◆ TASK ITEM
State how many lines in the listing below include the word "name". Give nothing but the number.
%%
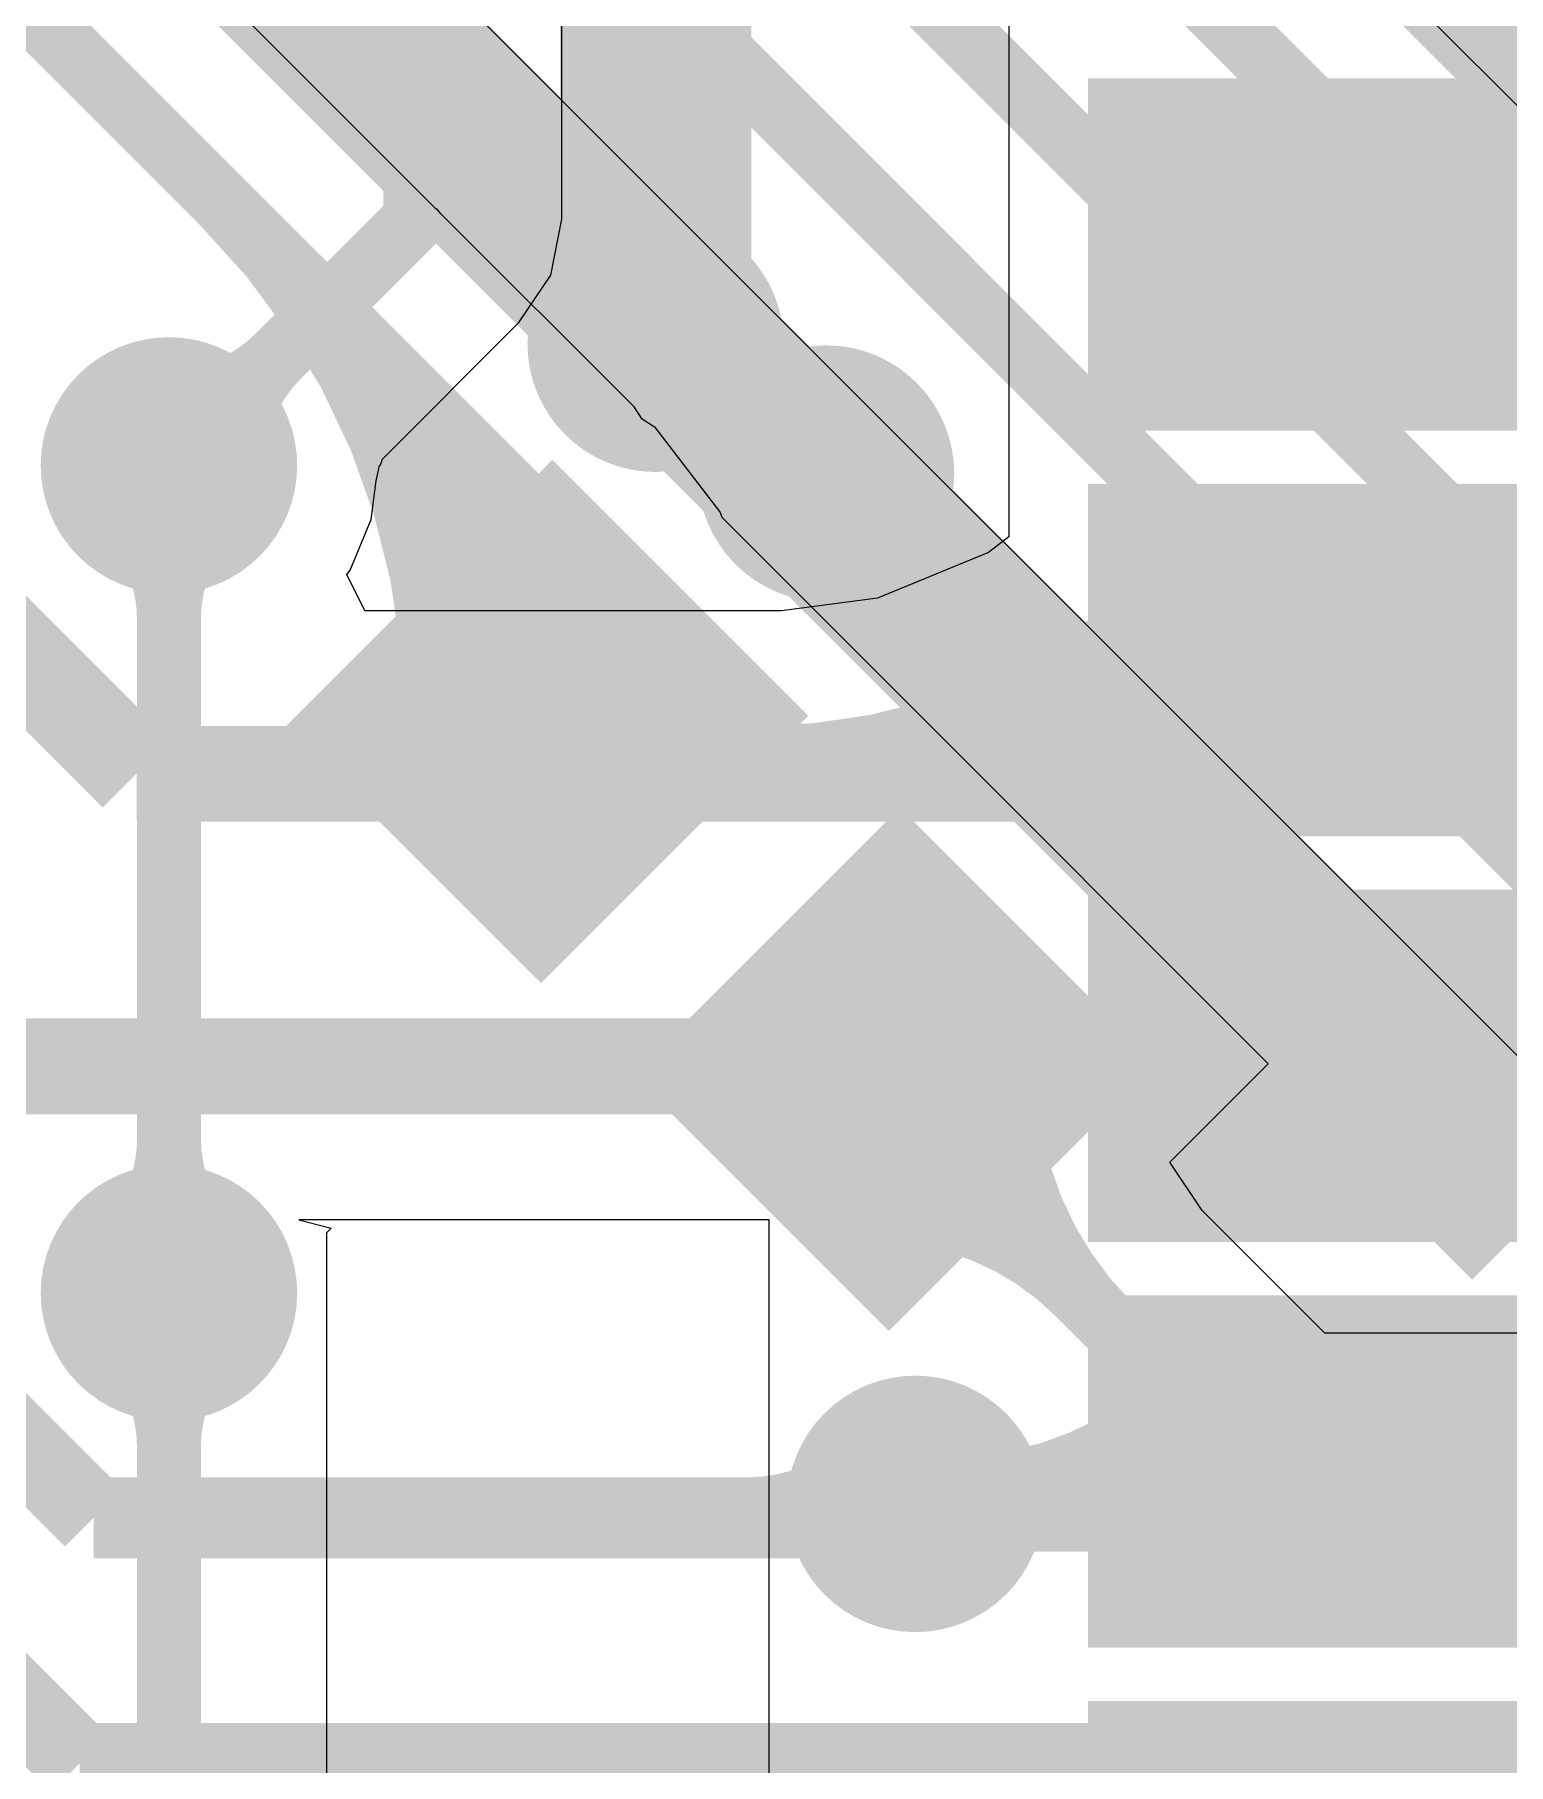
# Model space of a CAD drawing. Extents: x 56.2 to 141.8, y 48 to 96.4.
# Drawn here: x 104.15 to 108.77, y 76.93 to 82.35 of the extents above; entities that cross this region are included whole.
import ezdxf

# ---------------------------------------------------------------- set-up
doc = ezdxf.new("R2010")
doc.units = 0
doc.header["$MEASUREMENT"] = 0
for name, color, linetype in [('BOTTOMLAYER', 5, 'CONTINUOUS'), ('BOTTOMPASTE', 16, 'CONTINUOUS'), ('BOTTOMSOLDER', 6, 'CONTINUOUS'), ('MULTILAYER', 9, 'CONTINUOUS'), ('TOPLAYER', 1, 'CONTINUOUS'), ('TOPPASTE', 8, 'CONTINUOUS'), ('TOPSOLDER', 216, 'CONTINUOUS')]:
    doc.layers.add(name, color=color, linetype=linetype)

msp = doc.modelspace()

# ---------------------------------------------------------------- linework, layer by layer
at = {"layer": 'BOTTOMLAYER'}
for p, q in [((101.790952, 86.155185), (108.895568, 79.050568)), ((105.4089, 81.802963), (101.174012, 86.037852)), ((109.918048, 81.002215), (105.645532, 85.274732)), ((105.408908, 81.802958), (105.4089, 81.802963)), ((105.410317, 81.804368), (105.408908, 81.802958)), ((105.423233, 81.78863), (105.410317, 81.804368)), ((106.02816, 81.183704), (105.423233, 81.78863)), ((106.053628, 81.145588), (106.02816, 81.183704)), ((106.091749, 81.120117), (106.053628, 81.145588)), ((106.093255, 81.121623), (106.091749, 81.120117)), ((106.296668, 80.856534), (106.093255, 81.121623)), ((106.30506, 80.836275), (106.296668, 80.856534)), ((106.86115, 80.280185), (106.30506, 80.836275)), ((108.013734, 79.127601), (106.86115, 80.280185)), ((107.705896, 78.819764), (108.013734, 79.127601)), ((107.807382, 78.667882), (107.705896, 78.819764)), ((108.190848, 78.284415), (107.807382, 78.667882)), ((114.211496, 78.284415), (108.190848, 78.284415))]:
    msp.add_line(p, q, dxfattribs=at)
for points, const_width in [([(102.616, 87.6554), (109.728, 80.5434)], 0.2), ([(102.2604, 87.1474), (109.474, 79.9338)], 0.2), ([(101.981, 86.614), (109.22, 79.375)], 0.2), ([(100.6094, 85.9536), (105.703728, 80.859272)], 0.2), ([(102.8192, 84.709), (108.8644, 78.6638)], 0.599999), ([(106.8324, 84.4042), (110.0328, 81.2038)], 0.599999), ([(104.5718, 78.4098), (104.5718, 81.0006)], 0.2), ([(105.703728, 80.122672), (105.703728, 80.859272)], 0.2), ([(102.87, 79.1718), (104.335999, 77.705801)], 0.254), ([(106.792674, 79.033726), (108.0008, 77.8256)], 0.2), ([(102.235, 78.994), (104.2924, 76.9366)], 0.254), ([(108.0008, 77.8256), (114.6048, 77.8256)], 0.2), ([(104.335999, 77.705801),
%%
◆ OUTPUT OF THE EXERCISE
2